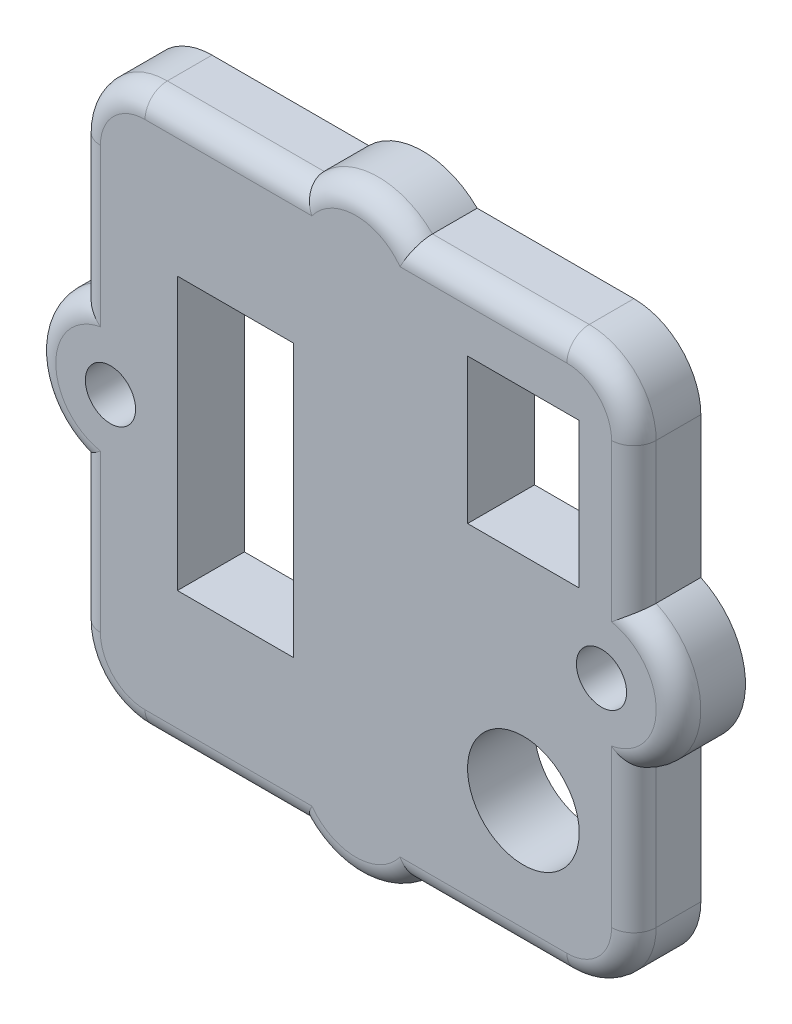
from build123d import *

# Parameters (mm, degrees)
SKETCH1_R           = 1.125
SKETCH1_R_2         = 2.5
SKETCH1_W           = 5.2
SKETCH1_H           = 12.2
SKETCH1_W_2         = 5
SKETCH1_H_2         = 6.5
BOSS_EXTRUDE1_DEPTH = 3
FILLET1_R           = 1


with BuildPart() as part:
    # Sketch1 → Boss-Extrude1 (new body)
    with BuildSketch(Plane.XY):
        with BuildLine():
            Line((23.501825189, 8.05), (23.501825189, 14.369504832))
            ThreePointArc((23.501825189, 14.369504832), (21.501825189, 17.5), (23.501825189, 20.630495168))
            Line((23.501825189, 20.630495168), (23.501825189, 26.95))
            ThreePointArc((23.501825189, 26.95), (24.380504846, 29.071320344), (26.501825189, 29.95))
            Line((26.501825189, 29.95), (33.522833629, 29.95))
            ThreePointArc((33.522833629, 29.95), (35.951825189, 30.95), (38.38081675, 29.95))
            Line((38.38081675, 29.95), (45.401825189, 29.95))
            ThreePointArc((45.401825189, 29.95), (47.523145533, 29.071320344), (48.401825189, 26.95))
            Line((48.401825189, 26.95), (48.401825189, 20.630495168))
            ThreePointArc((48.401825189, 20.630495168), (50.401825189, 17.5), (48.401825189, 14.369504832))
            Line((48.401825189, 14.369504832), (48.401825189, 8.05))
            ThreePointArc((48.401825189, 8.05), (47.523145533, 5.928679656), (45.401825189, 5.05))
            Line((45.401825189, 5.05), (38.38081675, 5.05))
            ThreePointArc((38.38081675, 5.05), (35.951825189, 4.05), (33.522833629, 5.05))
            Line((33.522833629, 5.05), (26.501825189, 5.05))
            ThreePointArc((26.501825189, 5.05), (24.380504846, 5.928679656), (23.501825189, 8.05))
        make_face()
        with Locations((24.951825189, 17.5)):
            Circle(SKETCH1_R, mode=Mode.SUBTRACT)
        with Locations((46.951825189, 17.5)):
            Circle(SKETCH1_R, mode=Mode.SUBTRACT)
        with Locations((43.451825189, 11)):
            Circle(SKETCH1_R_2, mode=Mode.SUBTRACT)
        with Locations((30.551825189, 17.5)):
            Rectangle(SKETCH1_W, SKETCH1_H, mode=Mode.SUBTRACT)
        with Locations((43.451825189, 23.75)):
            Rectangle(SKETCH1_W_2, SKETCH1_H_2, mode=Mode.SUBTRACT)
    extrude(amount=BOSS_EXTRUDE1_DEPTH)

    # Fillet1
    fillet1_edges = [part.edges().sort_by_distance(p)[0] for p in [
        (35.951825189, 4.05, 3),
        (41.891320969, 5.05, 3),
        (47.523145533, 5.928679656, 3),
        (48.401825189, 11.209752416, 3),
        (50.401825189, 17.5, 3),
        (48.401825189, 23.790247584, 3),
        (47.523145533, 29.071320344, 3),
        (41.891320969, 29.95, 3),
        (35.951825189, 30.95, 3),
        (30.012329409, 29.95, 3),
        (24.380504846, 5.928679656, 3),
        (24.380504846, 29.071320344, 3),
        (23.501825189, 23.790247584, 3),
        (21.501825189, 17.5, 3),
        (23.501825189, 11.209752416, 3),
        (30.012329409, 5.05, 3),
    ]]
    fillet(fillet1_edges, radius=FILLET1_R)


solid = part.part

^^^^^^^^

Return, in full, every line of these entries that holds "Rectangle".

**ANSWER SPACE:**
            Rectangle(SKETCH1_W, SKETCH1_H, mode=Mode.SUBTRACT)
            Rectangle(SKETCH1_W_2, SKETCH1_H_2, mode=Mode.SUBTRACT)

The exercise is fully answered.